- [GIVEN DATA]
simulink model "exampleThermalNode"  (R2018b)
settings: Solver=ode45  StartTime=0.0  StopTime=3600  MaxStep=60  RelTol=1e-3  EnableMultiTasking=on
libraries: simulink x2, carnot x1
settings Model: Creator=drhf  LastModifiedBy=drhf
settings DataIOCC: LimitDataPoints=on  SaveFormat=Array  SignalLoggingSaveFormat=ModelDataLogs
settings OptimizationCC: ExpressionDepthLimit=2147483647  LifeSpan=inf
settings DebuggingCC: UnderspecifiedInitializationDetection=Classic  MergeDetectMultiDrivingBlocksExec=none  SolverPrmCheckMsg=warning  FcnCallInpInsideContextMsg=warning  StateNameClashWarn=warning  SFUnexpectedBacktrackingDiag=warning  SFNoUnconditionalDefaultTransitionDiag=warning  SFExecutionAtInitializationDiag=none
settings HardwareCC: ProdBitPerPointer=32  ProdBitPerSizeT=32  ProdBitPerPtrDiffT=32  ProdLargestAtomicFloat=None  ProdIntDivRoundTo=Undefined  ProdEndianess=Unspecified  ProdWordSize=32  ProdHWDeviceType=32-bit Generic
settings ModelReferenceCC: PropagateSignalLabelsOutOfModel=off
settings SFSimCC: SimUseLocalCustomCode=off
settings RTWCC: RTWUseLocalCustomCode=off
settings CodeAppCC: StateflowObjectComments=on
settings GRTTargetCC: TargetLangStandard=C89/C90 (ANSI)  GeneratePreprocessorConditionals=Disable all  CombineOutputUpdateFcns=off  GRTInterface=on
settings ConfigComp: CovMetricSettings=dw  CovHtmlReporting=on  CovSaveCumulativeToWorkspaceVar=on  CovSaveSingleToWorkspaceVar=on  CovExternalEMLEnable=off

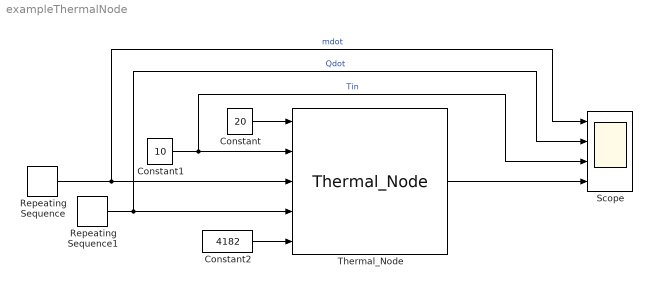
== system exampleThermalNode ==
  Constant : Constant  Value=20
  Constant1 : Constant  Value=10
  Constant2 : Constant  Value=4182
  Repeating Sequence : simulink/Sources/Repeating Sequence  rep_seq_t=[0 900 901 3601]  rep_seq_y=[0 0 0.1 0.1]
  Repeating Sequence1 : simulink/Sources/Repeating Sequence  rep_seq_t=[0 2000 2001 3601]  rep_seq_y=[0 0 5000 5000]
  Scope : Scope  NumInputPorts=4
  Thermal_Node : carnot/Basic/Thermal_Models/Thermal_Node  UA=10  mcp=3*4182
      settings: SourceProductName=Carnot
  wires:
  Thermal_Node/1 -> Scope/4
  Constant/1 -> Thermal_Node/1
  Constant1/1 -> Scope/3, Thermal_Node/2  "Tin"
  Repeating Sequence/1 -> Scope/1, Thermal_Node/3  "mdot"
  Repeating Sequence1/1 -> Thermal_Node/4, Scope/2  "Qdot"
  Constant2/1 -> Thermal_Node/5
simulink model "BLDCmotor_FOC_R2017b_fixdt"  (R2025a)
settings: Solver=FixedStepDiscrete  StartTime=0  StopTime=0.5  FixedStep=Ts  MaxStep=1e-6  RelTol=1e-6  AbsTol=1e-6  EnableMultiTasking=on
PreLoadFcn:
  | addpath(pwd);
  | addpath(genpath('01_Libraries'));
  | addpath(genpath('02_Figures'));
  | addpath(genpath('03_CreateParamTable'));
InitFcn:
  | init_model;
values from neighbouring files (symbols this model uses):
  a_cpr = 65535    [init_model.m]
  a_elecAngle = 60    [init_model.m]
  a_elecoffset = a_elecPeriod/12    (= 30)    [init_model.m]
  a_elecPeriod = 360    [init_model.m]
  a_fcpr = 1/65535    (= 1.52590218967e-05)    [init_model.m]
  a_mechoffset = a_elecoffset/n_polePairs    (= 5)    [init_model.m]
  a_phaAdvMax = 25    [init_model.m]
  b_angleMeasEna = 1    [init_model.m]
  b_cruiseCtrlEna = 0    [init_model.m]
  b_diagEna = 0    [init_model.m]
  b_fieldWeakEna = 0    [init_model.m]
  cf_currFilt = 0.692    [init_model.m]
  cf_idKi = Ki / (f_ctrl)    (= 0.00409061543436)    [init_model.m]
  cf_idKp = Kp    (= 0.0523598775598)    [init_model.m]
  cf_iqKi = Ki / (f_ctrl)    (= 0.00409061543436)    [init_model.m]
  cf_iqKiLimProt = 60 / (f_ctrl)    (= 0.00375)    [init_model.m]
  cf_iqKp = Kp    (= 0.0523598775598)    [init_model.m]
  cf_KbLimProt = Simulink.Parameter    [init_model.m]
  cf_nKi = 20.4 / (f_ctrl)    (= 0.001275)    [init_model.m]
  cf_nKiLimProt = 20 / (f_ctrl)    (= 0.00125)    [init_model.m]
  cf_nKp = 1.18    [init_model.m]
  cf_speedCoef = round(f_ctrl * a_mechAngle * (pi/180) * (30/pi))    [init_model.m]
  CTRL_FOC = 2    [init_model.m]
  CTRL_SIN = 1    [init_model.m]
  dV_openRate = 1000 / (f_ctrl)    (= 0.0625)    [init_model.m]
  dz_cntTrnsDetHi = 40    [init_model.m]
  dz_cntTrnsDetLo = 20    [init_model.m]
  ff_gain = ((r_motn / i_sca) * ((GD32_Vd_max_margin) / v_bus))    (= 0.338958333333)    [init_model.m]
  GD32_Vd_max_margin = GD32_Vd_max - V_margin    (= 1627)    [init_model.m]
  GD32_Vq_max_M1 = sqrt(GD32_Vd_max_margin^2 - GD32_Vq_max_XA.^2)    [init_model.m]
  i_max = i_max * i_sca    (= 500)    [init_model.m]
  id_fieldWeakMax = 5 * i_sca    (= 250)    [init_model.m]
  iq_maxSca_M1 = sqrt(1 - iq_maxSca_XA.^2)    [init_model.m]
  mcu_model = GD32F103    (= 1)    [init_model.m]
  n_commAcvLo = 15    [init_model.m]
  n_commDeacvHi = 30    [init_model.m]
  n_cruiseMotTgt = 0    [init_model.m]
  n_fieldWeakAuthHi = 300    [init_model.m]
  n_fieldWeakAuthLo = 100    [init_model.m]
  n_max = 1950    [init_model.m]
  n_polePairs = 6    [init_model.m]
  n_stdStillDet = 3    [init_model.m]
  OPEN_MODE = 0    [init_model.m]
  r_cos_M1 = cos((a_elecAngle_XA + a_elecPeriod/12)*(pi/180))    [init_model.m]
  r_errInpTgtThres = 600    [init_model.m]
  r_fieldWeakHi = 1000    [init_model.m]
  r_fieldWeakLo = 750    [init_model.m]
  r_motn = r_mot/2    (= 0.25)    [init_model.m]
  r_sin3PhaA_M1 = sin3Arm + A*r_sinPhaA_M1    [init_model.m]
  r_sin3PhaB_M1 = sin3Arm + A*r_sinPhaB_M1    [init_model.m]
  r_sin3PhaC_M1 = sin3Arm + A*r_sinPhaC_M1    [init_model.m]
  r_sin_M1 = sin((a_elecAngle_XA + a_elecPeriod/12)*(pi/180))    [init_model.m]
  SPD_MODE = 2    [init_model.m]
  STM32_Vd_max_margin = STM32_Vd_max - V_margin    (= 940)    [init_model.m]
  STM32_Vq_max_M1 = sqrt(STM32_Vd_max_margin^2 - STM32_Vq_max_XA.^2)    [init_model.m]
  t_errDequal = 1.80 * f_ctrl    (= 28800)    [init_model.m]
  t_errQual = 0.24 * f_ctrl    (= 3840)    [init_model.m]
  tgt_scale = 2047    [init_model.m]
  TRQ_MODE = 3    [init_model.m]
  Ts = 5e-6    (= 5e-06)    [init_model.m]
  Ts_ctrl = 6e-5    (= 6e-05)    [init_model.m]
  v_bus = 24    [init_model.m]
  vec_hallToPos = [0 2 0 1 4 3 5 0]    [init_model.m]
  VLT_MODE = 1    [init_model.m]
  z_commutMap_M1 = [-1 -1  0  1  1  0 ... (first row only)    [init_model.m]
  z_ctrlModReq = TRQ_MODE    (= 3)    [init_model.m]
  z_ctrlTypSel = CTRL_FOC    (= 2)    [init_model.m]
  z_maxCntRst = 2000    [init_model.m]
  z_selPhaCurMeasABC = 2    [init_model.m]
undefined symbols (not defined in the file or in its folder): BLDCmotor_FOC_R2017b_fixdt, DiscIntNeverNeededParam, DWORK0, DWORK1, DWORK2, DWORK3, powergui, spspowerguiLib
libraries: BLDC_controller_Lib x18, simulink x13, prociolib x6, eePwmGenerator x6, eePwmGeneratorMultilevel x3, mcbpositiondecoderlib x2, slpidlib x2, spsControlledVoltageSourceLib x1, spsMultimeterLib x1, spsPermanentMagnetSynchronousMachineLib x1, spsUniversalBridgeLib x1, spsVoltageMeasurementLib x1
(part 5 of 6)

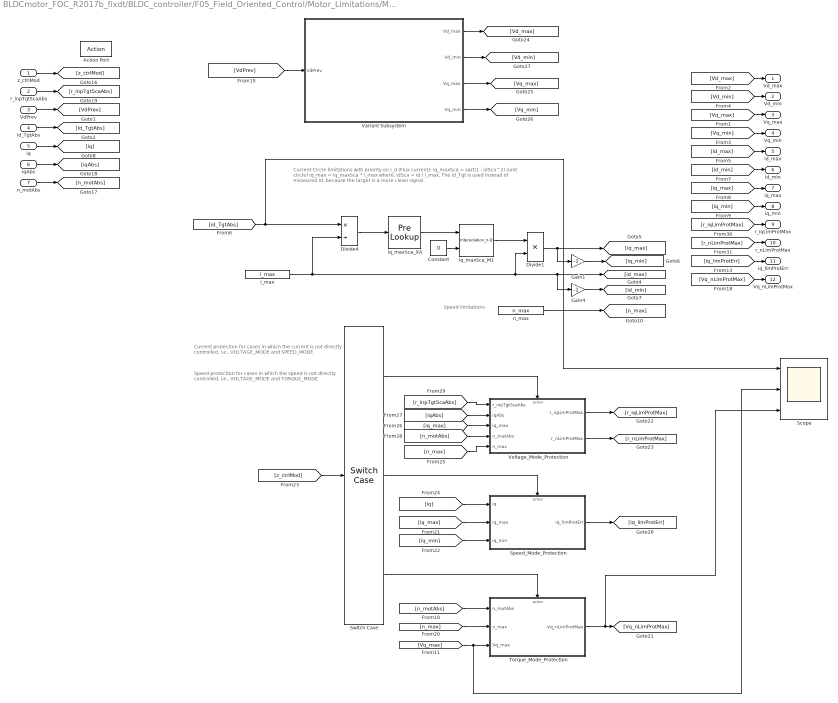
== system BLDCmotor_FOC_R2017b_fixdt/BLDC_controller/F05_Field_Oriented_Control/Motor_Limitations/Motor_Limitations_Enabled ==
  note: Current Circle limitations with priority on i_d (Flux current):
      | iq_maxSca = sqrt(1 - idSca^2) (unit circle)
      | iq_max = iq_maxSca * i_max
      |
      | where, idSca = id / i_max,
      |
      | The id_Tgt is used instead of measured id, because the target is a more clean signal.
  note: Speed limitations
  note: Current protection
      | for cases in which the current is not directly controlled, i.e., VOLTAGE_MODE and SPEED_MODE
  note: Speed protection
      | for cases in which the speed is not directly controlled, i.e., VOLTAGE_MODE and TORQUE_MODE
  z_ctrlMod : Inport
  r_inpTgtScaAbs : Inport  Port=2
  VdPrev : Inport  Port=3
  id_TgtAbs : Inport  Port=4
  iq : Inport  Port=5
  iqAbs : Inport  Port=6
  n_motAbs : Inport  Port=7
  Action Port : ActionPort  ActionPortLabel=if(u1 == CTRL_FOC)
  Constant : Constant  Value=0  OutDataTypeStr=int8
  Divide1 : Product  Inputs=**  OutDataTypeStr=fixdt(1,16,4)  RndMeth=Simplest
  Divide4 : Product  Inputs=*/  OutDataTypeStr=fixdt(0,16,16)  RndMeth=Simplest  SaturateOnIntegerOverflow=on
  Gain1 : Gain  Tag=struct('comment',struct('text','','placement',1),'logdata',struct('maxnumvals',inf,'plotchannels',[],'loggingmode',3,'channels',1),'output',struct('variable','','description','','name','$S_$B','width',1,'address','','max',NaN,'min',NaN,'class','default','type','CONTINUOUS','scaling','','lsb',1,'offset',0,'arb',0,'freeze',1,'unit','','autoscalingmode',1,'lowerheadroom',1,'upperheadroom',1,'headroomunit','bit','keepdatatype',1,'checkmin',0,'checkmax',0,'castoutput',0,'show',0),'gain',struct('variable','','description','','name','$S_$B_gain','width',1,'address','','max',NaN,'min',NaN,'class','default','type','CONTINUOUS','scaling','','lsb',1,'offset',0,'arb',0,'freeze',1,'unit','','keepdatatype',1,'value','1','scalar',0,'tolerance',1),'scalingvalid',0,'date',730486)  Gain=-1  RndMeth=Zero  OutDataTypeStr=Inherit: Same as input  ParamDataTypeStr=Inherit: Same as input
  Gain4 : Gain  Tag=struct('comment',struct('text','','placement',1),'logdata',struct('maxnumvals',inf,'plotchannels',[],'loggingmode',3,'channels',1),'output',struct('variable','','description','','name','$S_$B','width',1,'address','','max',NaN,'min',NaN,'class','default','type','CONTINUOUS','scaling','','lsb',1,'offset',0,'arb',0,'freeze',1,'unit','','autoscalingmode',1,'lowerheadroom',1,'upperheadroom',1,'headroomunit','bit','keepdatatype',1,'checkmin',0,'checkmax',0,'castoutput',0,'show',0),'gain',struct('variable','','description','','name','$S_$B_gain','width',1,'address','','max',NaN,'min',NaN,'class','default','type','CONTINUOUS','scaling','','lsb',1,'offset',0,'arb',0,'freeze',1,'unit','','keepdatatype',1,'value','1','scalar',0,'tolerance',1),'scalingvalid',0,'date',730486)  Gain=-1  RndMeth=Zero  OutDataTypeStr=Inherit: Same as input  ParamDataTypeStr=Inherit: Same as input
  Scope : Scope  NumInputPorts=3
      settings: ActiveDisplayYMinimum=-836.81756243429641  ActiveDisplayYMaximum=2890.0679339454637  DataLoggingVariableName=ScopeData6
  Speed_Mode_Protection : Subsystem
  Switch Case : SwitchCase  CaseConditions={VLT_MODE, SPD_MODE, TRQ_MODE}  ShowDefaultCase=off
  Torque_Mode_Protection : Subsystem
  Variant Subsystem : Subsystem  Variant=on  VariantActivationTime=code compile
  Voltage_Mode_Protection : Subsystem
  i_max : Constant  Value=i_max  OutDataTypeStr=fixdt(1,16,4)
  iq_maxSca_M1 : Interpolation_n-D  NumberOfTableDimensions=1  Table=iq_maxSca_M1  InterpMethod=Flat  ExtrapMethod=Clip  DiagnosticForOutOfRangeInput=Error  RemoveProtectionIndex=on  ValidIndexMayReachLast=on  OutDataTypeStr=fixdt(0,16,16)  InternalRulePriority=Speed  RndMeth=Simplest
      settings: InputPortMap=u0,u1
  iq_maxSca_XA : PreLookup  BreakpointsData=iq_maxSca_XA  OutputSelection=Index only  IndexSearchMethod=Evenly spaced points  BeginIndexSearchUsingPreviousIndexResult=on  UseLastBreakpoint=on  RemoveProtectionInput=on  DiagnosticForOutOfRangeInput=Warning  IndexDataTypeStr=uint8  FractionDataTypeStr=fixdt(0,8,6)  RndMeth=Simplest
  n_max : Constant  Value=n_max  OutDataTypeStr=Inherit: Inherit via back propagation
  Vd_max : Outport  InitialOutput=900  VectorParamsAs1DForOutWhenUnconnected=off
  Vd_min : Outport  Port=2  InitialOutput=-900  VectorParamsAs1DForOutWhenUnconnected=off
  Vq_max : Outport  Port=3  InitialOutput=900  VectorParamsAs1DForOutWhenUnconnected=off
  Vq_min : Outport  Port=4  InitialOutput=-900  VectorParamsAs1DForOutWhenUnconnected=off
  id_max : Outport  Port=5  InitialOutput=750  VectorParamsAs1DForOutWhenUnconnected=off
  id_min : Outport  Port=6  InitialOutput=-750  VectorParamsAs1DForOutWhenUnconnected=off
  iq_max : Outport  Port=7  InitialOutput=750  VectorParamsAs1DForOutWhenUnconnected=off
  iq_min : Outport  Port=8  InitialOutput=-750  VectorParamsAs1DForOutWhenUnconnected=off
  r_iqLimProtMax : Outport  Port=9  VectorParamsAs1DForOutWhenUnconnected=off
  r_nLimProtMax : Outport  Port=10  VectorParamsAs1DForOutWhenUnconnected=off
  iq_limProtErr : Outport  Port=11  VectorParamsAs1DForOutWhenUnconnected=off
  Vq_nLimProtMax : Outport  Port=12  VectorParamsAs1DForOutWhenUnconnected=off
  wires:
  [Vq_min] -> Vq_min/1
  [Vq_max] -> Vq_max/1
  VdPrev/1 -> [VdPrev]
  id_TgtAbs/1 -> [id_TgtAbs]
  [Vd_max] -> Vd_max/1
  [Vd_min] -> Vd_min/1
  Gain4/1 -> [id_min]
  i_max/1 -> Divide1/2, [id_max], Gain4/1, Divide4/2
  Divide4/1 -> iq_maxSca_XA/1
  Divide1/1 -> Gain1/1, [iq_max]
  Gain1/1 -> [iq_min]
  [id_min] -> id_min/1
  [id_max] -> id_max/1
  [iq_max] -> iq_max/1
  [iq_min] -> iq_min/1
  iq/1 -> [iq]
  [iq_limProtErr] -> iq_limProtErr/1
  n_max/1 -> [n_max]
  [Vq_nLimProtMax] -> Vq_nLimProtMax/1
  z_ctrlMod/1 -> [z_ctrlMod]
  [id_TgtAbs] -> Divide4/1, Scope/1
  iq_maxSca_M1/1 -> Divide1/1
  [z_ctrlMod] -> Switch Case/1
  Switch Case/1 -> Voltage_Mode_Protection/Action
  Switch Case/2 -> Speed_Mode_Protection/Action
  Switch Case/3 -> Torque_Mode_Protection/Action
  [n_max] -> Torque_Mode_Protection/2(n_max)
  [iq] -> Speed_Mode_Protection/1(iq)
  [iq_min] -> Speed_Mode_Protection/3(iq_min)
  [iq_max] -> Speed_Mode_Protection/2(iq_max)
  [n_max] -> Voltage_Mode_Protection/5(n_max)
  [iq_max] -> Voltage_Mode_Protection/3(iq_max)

- [EXERCISE DIRECTIONS] Scan the records above for the word "Switch" and return every line where it occurs.

- [FINISHED TASK]
  Switch Case : SwitchCase  CaseConditions={VLT_MODE, SPD_MODE, TRQ_MODE}  ShowDefaultCase=off
  [z_ctrlMod] -> Switch Case/1
  Switch Case/1 -> Voltage_Mode_Protection/Action
  Switch Case/2 -> Speed_Mode_Protection/Action
  Switch Case/3 -> Torque_Mode_Protection/Action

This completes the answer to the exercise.